__WHAT IS NEEDED__.
Except for the pictures, reproduce the records word for word.

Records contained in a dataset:
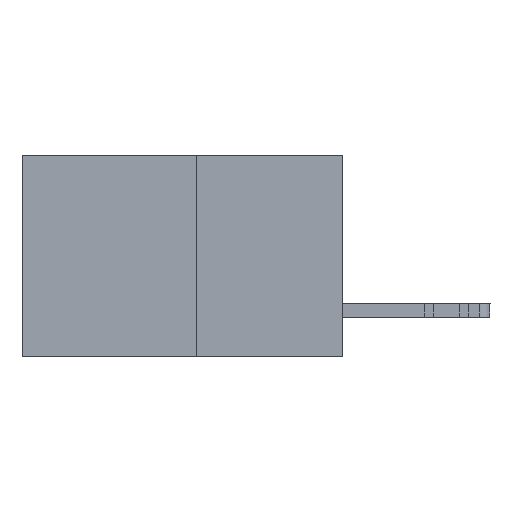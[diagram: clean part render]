
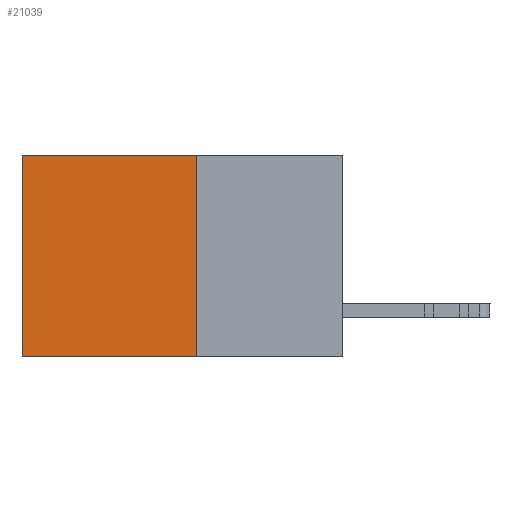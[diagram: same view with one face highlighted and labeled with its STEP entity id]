
A CAD part, left-side view. The second image highlights one B-rep face of the part: STEP entity #21039.
In plain terms, the highlighted planar face has unit normal (-1, 0, 0).
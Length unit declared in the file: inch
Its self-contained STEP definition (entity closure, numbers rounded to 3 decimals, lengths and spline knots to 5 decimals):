
#140 = VECTOR ( 'NONE', #24226, 39.37008 ) ;
#326 = LINE ( 'NONE', #8807, #21702 ) ;
#1346 = ORIENTED_EDGE ( 'NONE', *, *, #3602, .F. ) ;
#2715 = LINE ( 'NONE', #11069, #3542 ) ;
#3542 = VECTOR ( 'NONE', #13633, 39.37008 ) ;
#3602 = EDGE_CURVE ( 'NONE', #24480, #20943, #18885, .T. ) ;
#4600 = DIRECTION ( 'NONE',  ( 1., 0., 0. ) ) ;
#5396 = CARTESIAN_POINT ( 'NONE',  ( 0.277, 0.27, -0.37 ) ) ;
#6047 = ORIENTED_EDGE ( 'NONE', *, *, #11920, .T. ) ;
#6537 = FACE_OUTER_BOUND ( 'NONE', #12539, .T. ) ;
#7110 = LINE ( 'NONE', #24109, #140 ) ;
#8521 = VERTEX_POINT ( 'NONE', #29534 ) ;
#8807 = CARTESIAN_POINT ( 'NONE',  ( 0.277, 0.59, -0.37 ) ) ;
#9561 = ORIENTED_EDGE ( 'NONE', *, *, #25878, .T. ) ;
#11069 = CARTESIAN_POINT ( 'NONE',  ( 0.277, 0.27, 0. ) ) ;
#11215 = DIRECTION ( 'NONE',  ( 0., 1., 0. ) ) ;
#11920 = EDGE_CURVE ( 'NONE', #8521, #20943, #326, .T. ) ;
#12267 = CARTESIAN_POINT ( 'NONE',  ( 0.277, 0.27, -0.37 ) ) ;
#12539 = EDGE_LOOP ( 'NONE', ( #6047, #1346, #20737, #9561 ) ) ;
#13633 = DIRECTION ( 'NONE',  ( 0., 1., 0. ) ) ;
#16051 = CARTESIAN_POINT ( 'NONE',  ( 0.277, 0.27, 0. ) ) ;
#17635 = VERTEX_POINT ( 'NONE', #16051 ) ;
#17779 = EDGE_CURVE ( 'NONE', #17635, #24480, #7110, .T. ) ;
#18073 = VECTOR ( 'NONE', #11215, 39.37008 ) ;
#18885 = LINE ( 'NONE', #24064, #18073 ) ;
#19944 = PLANE ( 'NONE',  #26313 ) ;
#20737 = ORIENTED_EDGE ( 'NONE', *, *, #17779, .F. ) ;
#20943 = VERTEX_POINT ( 'NONE', #32552 ) ;
#21039 = ADVANCED_FACE ( 'NONE', ( #6537 ), #19944, .F. ) ;
#21702 = VECTOR ( 'NONE', #29293, 39.37008 ) ;
#22522 = DIRECTION ( 'NONE',  ( 0., 0., -1. ) ) ;
#24064 = CARTESIAN_POINT ( 'NONE',  ( 0.277, 0.27, -0.37 ) ) ;
#24109 = CARTESIAN_POINT ( 'NONE',  ( 0.277, 0.27, -0.37 ) ) ;
#24226 = DIRECTION ( 'NONE',  ( 0., 0., -1. ) ) ;
#24480 = VERTEX_POINT ( 'NONE', #5396 ) ;
#25878 = EDGE_CURVE ( 'NONE', #17635, #8521, #2715, .T. ) ;
#26313 = AXIS2_PLACEMENT_3D ( 'NONE', #12267, #4600, #22522 ) ;
#29293 = DIRECTION ( 'NONE',  ( 0., 0., -1. ) ) ;
#29534 = CARTESIAN_POINT ( 'NONE',  ( 0.277, 0.59, 0. ) ) ;
#32552 = CARTESIAN_POINT ( 'NONE',  ( 0.277, 0.59, -0.37 ) ) ;

__EXERCISE RESULT__.
[diagram: clean part render]
[diagram: same view with one face highlighted and labeled with its STEP entity id]
A CAD part, left-side view. The second image highlights one B-rep face of the part: STEP entity #21039.
In plain terms, the highlighted planar face has unit normal (-1, 0, 0).
Length unit declared in the file: inch
Its self-contained STEP definition (entity closure, numbers rounded to 3 decimals, lengths and spline knots to 5 decimals):
#140 = VECTOR ( 'NONE', #24226, 39.37008 ) ;
#326 = LINE ( 'NONE', #8807, #21702 ) ;
#1346 = ORIENTED_EDGE ( 'NONE', *, *, #3602, .F. ) ;
#2715 = LINE ( 'NONE', #11069, #3542 ) ;
#3542 = VECTOR ( 'NONE', #13633, 39.37008 ) ;
#3602 = EDGE_CURVE ( 'NONE', #24480, #20943, #18885, .T. ) ;
#4600 = DIRECTION ( 'NONE',  ( 1., 0., 0. ) ) ;
#5396 = CARTESIAN_POINT ( 'NONE',  ( 0.277, 0.27, -0.37 ) ) ;
#6047 = ORIENTED_EDGE ( 'NONE', *, *, #11920, .T. ) ;
#6537 = FACE_OUTER_BOUND ( 'NONE', #12539, .T. ) ;
#7110 = LINE ( 'NONE', #24109, #140 ) ;
#8521 = VERTEX_POINT ( 'NONE', #29534 ) ;
#8807 = CARTESIAN_POINT ( 'NONE',  ( 0.277, 0.59, -0.37 ) ) ;
#9561 = ORIENTED_EDGE ( 'NONE', *, *, #25878, .T. ) ;
#11069 = CARTESIAN_POINT ( 'NONE',  ( 0.277, 0.27, 0. ) ) ;
#11215 = DIRECTION ( 'NONE',  ( 0., 1., 0. ) ) ;
#11920 = EDGE_CURVE ( 'NONE', #8521, #20943, #326, .T. ) ;
#12267 = CARTESIAN_POINT ( 'NONE',  ( 0.277, 0.27, -0.37 ) ) ;
#12539 = EDGE_LOOP ( 'NONE', ( #6047, #1346, #20737, #9561 ) ) ;
#13633 = DIRECTION ( 'NONE',  ( 0., 1., 0. ) ) ;
#16051 = CARTESIAN_POINT ( 'NONE',  ( 0.277, 0.27, 0. ) ) ;
#17635 = VERTEX_POINT ( 'NONE', #16051 ) ;
#17779 = EDGE_CURVE ( 'NONE', #17635, #24480, #7110, .T. ) ;
#18073 = VECTOR ( 'NONE', #11215, 39.37008 ) ;
#18885 = LINE ( 'NONE', #24064, #18073 ) ;
#19944 = PLANE ( 'NONE',  #26313 ) ;
#20737 = ORIENTED_EDGE ( 'NONE', *, *, #17779, .F. ) ;
#20943 = VERTEX_POINT ( 'NONE', #32552 ) ;
#21039 = ADVANCED_FACE ( 'NONE', ( #6537 ), #19944, .F. ) ;
#21702 = VECTOR ( 'NONE', #29293, 39.37008 ) ;
#22522 = DIRECTION ( 'NONE',  ( 0., 0., -1. ) ) ;
#24064 = CARTESIAN_POINT ( 'NONE',  ( 0.277, 0.27, -0.37 ) ) ;
#24109 = CARTESIAN_POINT ( 'NONE',  ( 0.277, 0.27, -0.37 ) ) ;
#24226 = DIRECTION ( 'NONE',  ( 0., 0., -1. ) ) ;
#24480 = VERTEX_POINT ( 'NONE', #5396 ) ;
#25878 = EDGE_CURVE ( 'NONE', #17635, #8521, #2715, .T. ) ;
#26313 = AXIS2_PLACEMENT_3D ( 'NONE', #12267, #4600, #22522 ) ;
#29293 = DIRECTION ( 'NONE',  ( 0., 0., -1. ) ) ;
#29534 = CARTESIAN_POINT ( 'NONE',  ( 0.277, 0.59, 0. ) ) ;
#32552 = CARTESIAN_POINT ( 'NONE',  ( 0.277, 0.59, -0.37 ) ) ;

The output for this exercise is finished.